SpaDES - Spatial Discrete Event Simulator - is a modelling framework in the form of a meta-package in R. It aims to provide modellers and non-modellers across different domains of life and earth sciences (and beyond!) with a modelling tool that they can control, apply and develop.

How?
1. SpaDES is written in R: a widely understood programming language, highly suited to statistical analyses, but flexible and fast enough to accommodate simulation work;
2. SpaDES can be used for a wide-range of modelling approaches: + process-based models; + phenomenological models; + spatially-explicit models; + … 3. SpaDES models are built of modules, i.e. self-contained, interacting pieces that execute a particular event, or process in the model. Modules communicate via data-flow and module events are scheduled automatically across temporal scales. Finally, SpaDES offers several functions to enable direct connections between modules and data sources and facilitate data downloading, munging and caching operations. 4. SpaDES modules can be made available across the entire R community if module-developers wish it so;

In its whole, SpaDES bridges the gaps between modellers and model-users of different disciplines, between scientists, practitioners, managers, stakeholders and policy makers, and between scientists and the general public.

An example

Imagine we want to know how logging will impact caribou populations. We could model this with have a predictive landscape model of caribou movement and abundances, which is linked to a landscape vegetation module, which is in turn coupled to a harvesting module. The caribou module would have events like calving and movement, the vegetation module would simulate vegetation growth and recruitment, and the harvesting module would simulate logging events that would only can happen at certain moments in time, when the forest is “ready”. The communication between the modules would be made with data “objects”. For instance, the vegetation module feeds the caribou one with lichen abundance, and the caribou module then feeds back by consuming lichen. The vegetation module also informs the harvesting module of stand age, while the harvesting module removes a certain amount of trees from the system.

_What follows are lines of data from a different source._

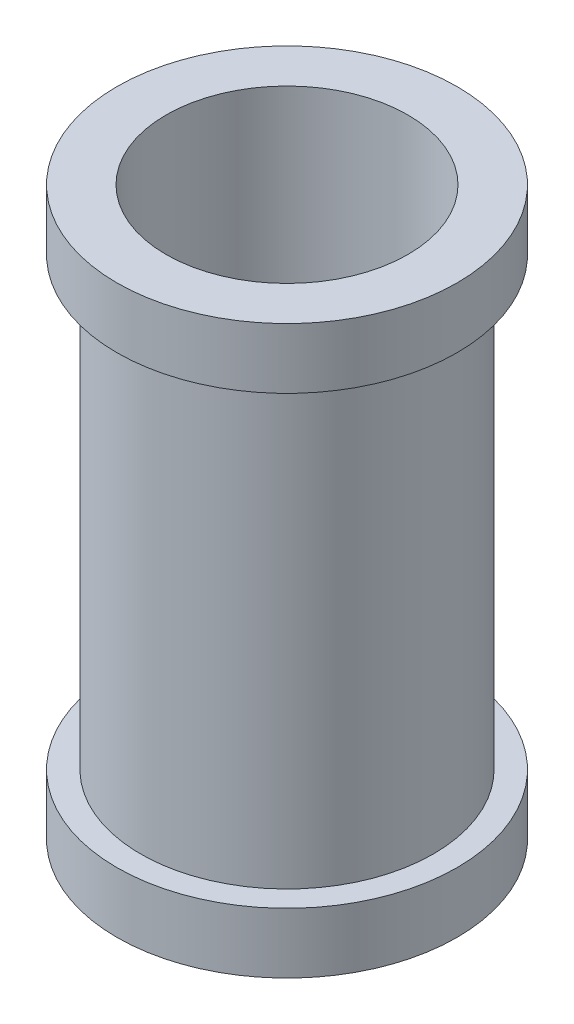
ISO-10303-21;
HEADER;
FILE_DESCRIPTION(('STEP AP214'),'2;1');
FILE_NAME('part.step','',(''),(''),'','','');
FILE_SCHEMA(('AUTOMOTIVE_DESIGN { 1 0 10303 214 1 1 1 1 }'));
ENDSEC;
DATA;
#1=APPLICATION_CONTEXT('core data for automotive mechanical design processes');
#2=APPLICATION_PROTOCOL_DEFINITION('international standard','automotive_design',2000,#1);
#3=PRODUCT_CONTEXT('',#1,'mechanical');
#4=PRODUCT('Part','Part','',(#3));
#5=PRODUCT_RELATED_PRODUCT_CATEGORY('part','',(#4));
#6=PRODUCT_DEFINITION_FORMATION('','',#4);
#7=PRODUCT_DEFINITION_CONTEXT('part definition',#1,'design');
#8=PRODUCT_DEFINITION('design','',#6,#7);
#9=PRODUCT_DEFINITION_SHAPE('','',#8);
#10=(LENGTH_UNIT() NAMED_UNIT(*) SI_UNIT(.MILLI.,.METRE.));
#11=(NAMED_UNIT(*) PLANE_ANGLE_UNIT() SI_UNIT($,.RADIAN.));
#12=(NAMED_UNIT(*) SI_UNIT($,.STERADIAN.) SOLID_ANGLE_UNIT());
#13=UNCERTAINTY_MEASURE_WITH_UNIT(LENGTH_MEASURE(1.E-05),#10,'distance_accuracy_value','');
#14=(GEOMETRIC_REPRESENTATION_CONTEXT(3) GLOBAL_UNCERTAINTY_ASSIGNED_CONTEXT((#13)) GLOBAL_UNIT_ASSIGNED_CONTEXT((#10,
#11,#12)) REPRESENTATION_CONTEXT('',''));
#15=CARTESIAN_POINT('',(0.,0.,0.));
#16=DIRECTION('',(0.,0.,1.));
#17=DIRECTION('',(1.,0.,0.));
#18=AXIS2_PLACEMENT_3D('',#15,#16,#17);
#19=CARTESIAN_POINT('',(28.575,85.09,-28.575));
#20=DIRECTION('',(0.,1.,0.));
#21=DIRECTION('',(-1.,0.,0.));
#22=AXIS2_PLACEMENT_3D('',#19,#20,#21);
#23=PLANE('',#22);
#24=CARTESIAN_POINT('',(0.,85.09,0.));
#25=DIRECTION('',(0.,1.,0.));
#26=DIRECTION('',(-1.,0.,0.));
#27=AXIS2_PLACEMENT_3D('',#24,#25,#26);
#28=CIRCLE('',#27,28.575);
#29=CARTESIAN_POINT('',(-28.575,85.09,0.));
#30=VERTEX_POINT('',#29);
#31=EDGE_CURVE('E44',#30,#30,#28,.F.);
#32=ORIENTED_EDGE('',*,*,#31,.T.);
#33=EDGE_LOOP('',(#32));
#34=FACE_BOUND('',#33,.T.);
#35=CARTESIAN_POINT('',(0.,85.09,0.));
#36=DIRECTION('',(0.,1.,0.));
#37=DIRECTION('',(-1.,0.,0.));
#38=AXIS2_PLACEMENT_3D('',#35,#36,#37);
#39=CIRCLE('',#38,24.60625);
#40=CARTESIAN_POINT('',(-24.60625,85.09,0.));
#41=VERTEX_POINT('',#40);
#42=EDGE_CURVE('E10',#41,#41,#39,.F.);
#43=ORIENTED_EDGE('',*,*,#42,.F.);
#44=EDGE_LOOP('',(#43));
#45=FACE_BOUND('',#44,.T.);
#46=ADVANCED_FACE('F37',(#34,#45),#23,.F.);
#47=CARTESIAN_POINT('',(0.,95.25,0.));
#48=DIRECTION('',(0.,-1.,0.));
#49=DIRECTION('',(0.,0.,-1.));
#50=AXIS2_PLACEMENT_3D('',#47,#48,#49);
#51=CYLINDRICAL_SURFACE('',#50,20.32);
#52=CARTESIAN_POINT('',(0.,95.25,0.));
#53=DIRECTION('',(0.,1.,0.));
#54=DIRECTION('',(0.,0.,1.));
#55=AXIS2_PLACEMENT_3D('',#52,#53,#54);
#56=CIRCLE('',#55,20.32);
#57=CARTESIAN_POINT('',(0.,95.25,20.32));
#58=VERTEX_POINT('',#57);
#59=EDGE_CURVE('E53',#58,#58,#56,.T.);
#60=ORIENTED_EDGE('',*,*,#59,.T.);
#61=EDGE_LOOP('',(#60));
#62=FACE_BOUND('',#61,.T.);
#63=CARTESIAN_POINT('',(0.,0.,0.));
#64=DIRECTION('',(0.,1.,0.));
#65=DIRECTION('',(0.,0.,1.));
#66=AXIS2_PLACEMENT_3D('',#63,#64,#65);
#67=CIRCLE('',#66,20.32);
#68=CARTESIAN_POINT('',(0.,0.,20.32));
#69=VERTEX_POINT('',#68);
#70=EDGE_CURVE('E66',#69,#69,#67,.T.);
#71=ORIENTED_EDGE('',*,*,#70,.F.);
#72=EDGE_LOOP('',(#71));
#73=FACE_BOUND('',#72,.T.);
#74=ADVANCED_FACE('F93',(#62,#73),#51,.F.);
#75=CARTESIAN_POINT('',(0.,95.25,0.));
#76=DIRECTION('',(0.,1.,0.));
#77=DIRECTION('',(0.,0.,1.));
#78=AXIS2_PLACEMENT_3D('',#75,#76,#77);
#79=PLANE('',#78);
#80=ORIENTED_EDGE('',*,*,#59,.F.);
#81=EDGE_LOOP('',(#80));
#82=FACE_BOUND('',#81,.T.);
#83=CARTESIAN_POINT('',(0.,95.25,0.));
#84=DIRECTION('',(0.,1.,0.));
#85=DIRECTION('',(0.,0.,1.));
#86=AXIS2_PLACEMENT_3D('',#83,#84,#85);
#87=CIRCLE('',#86,28.575);
#88=CARTESIAN_POINT('',(0.,95.25,28.575));
#89=VERTEX_POINT('',#88);
#90=EDGE_CURVE('E48',#89,#89,#87,.T.);
#91=ORIENTED_EDGE('',*,*,#90,.T.);
#92=EDGE_LOOP('',(#91));
#93=FACE_BOUND('',#92,.T.);
#94=ADVANCED_FACE('F98',(#82,#93),#79,.T.);
#95=CARTESIAN_POINT('',(0.,-80.8223050896224,0.));
#96=DIRECTION('',(0.,1.,0.));
#97=DIRECTION('',(0.,0.,1.));
#98=AXIS2_PLACEMENT_3D('',#95,#96,#97);
#99=CYLINDRICAL_SURFACE('',#98,28.575);
#100=ORIENTED_EDGE('',*,*,#31,.F.);
#101=EDGE_LOOP('',(#100));
#102=FACE_BOUND('',#101,.T.);
#103=ORIENTED_EDGE('',*,*,#90,.F.);
#104=EDGE_LOOP('',(#103));
#105=FACE_BOUND('',#104,.T.);
#106=ADVANCED_FACE('F39',(#102,#105),#99,.T.);
#107=CARTESIAN_POINT('',(0.,154.686984938286,0.));
#108=DIRECTION('',(0.,-1.,0.));
#109=DIRECTION('',(1.,0.,0.));
#110=AXIS2_PLACEMENT_3D('',#107,#108,#109);
#111=CYLINDRICAL_SURFACE('',#110,24.60625);
#112=CARTESIAN_POINT('',(0.,10.16,0.));
#113=DIRECTION('',(0.,1.,0.));
#114=DIRECTION('',(-1.,0.,0.));
#115=AXIS2_PLACEMENT_3D('',#112,#113,#114);
#116=CIRCLE('',#115,24.60625);
#117=CARTESIAN_POINT('',(-24.60625,10.16,0.));
#118=VERTEX_POINT('',#117);
#119=EDGE_CURVE('E56',#118,#118,#116,.T.);
#120=ORIENTED_EDGE('',*,*,#119,.T.);
#121=EDGE_LOOP('',(#120));
#122=FACE_BOUND('',#121,.T.);
#123=ORIENTED_EDGE('',*,*,#42,.T.);
#124=EDGE_LOOP('',(#123));
#125=FACE_BOUND('',#124,.T.);
#126=ADVANCED_FACE('F89',(#122,#125),#111,.T.);
#127=CARTESIAN_POINT('',(0.,0.,0.));
#128=DIRECTION('',(0.,1.,0.));
#129=DIRECTION('',(0.,0.,1.));
#130=AXIS2_PLACEMENT_3D('',#127,#128,#129);
#131=PLANE('',#130);
#132=ORIENTED_EDGE('',*,*,#70,.T.);
#133=EDGE_LOOP('',(#132));
#134=FACE_BOUND('',#133,.T.);
#135=CARTESIAN_POINT('',(0.,0.,0.));
#136=DIRECTION('',(0.,1.,0.));
#137=DIRECTION('',(0.,0.,1.));
#138=AXIS2_PLACEMENT_3D('',#135,#136,#137);
#139=CIRCLE('',#138,28.575);
#140=CARTESIAN_POINT('',(0.,0.,28.575));
#141=VERTEX_POINT('',#140);
#142=EDGE_CURVE('E70',#141,#141,#139,.F.);
#143=ORIENTED_EDGE('',*,*,#142,.T.);
#144=EDGE_LOOP('',(#143));
#145=FACE_BOUND('',#144,.T.);
#146=ADVANCED_FACE('F76',(#134,#145),#131,.F.);
#147=CARTESIAN_POINT('',(0.,-80.8223050896224,0.));
#148=DIRECTION('',(0.,1.,0.));
#149=DIRECTION('',(0.,0.,1.));
#150=AXIS2_PLACEMENT_3D('',#147,#148,#149);
#151=CYLINDRICAL_SURFACE('',#150,28.575);
#152=CARTESIAN_POINT('',(0.,10.16,0.));
#153=DIRECTION('',(0.,-1.,0.));
#154=DIRECTION('',(1.,0.,0.));
#155=AXIS2_PLACEMENT_3D('',#152,#153,#154);
#156=CIRCLE('',#155,28.575);
#157=CARTESIAN_POINT('',(28.575,10.16,0.));
#158=VERTEX_POINT('',#157);
#159=EDGE_CURVE('E62',#158,#158,#156,.F.);
#160=ORIENTED_EDGE('',*,*,#159,.F.);
#161=EDGE_LOOP('',(#160));
#162=FACE_BOUND('',#161,.T.);
#163=ORIENTED_EDGE('',*,*,#142,.F.);
#164=EDGE_LOOP('',(#163));
#165=FACE_BOUND('',#164,.T.);
#166=ADVANCED_FACE('F78',(#162,#165),#151,.T.);
#167=CARTESIAN_POINT('',(28.575,10.16,-28.575));
#168=DIRECTION('',(0.,-1.,0.));
#169=DIRECTION('',(1.,0.,0.));
#170=AXIS2_PLACEMENT_3D('',#167,#168,#169);
#171=PLANE('',#170);
#172=ORIENTED_EDGE('',*,*,#119,.F.);
#173=EDGE_LOOP('',(#172));
#174=FACE_BOUND('',#173,.T.);
#175=ORIENTED_EDGE('',*,*,#159,.T.);
#176=EDGE_LOOP('',(#175));
#177=FACE_BOUND('',#176,.T.);
#178=ADVANCED_FACE('F80',(#174,#177),#171,.F.);
#179=CLOSED_SHELL('',(#46,#74,#94,#106,#126,#146,#166,#178));
#180=MANIFOLD_SOLID_BREP('B2',#179);
#181=ADVANCED_BREP_SHAPE_REPRESENTATION('',(#18,#180),#14);
#182=SHAPE_DEFINITION_REPRESENTATION(#9,#181);
ENDSEC;
END-ISO-10303-21;

As developers we would inform SpaDES of when to schedule these events, and SpaDES would do it automatically by converting all time units to a common denominator, seconds. So even if the timescales of the modules differ, say the harvesting module operates in decades and the others monthly, the scheduling is done in the appropriate order. Finally, ideally each module would have access to the raw data sources that it needs to create the parameters and objects that ir requires to run.

Provided that modules are able to download, read and treat data adequately, updating the simulations for new data becomes easier, using functions from the reproducible package, which enable caching model structure, parameters and simulation results. This way, the user only needs to make sure the module has access to the new data sources, and these functions will re-run the bits of the model that are affected by these changes.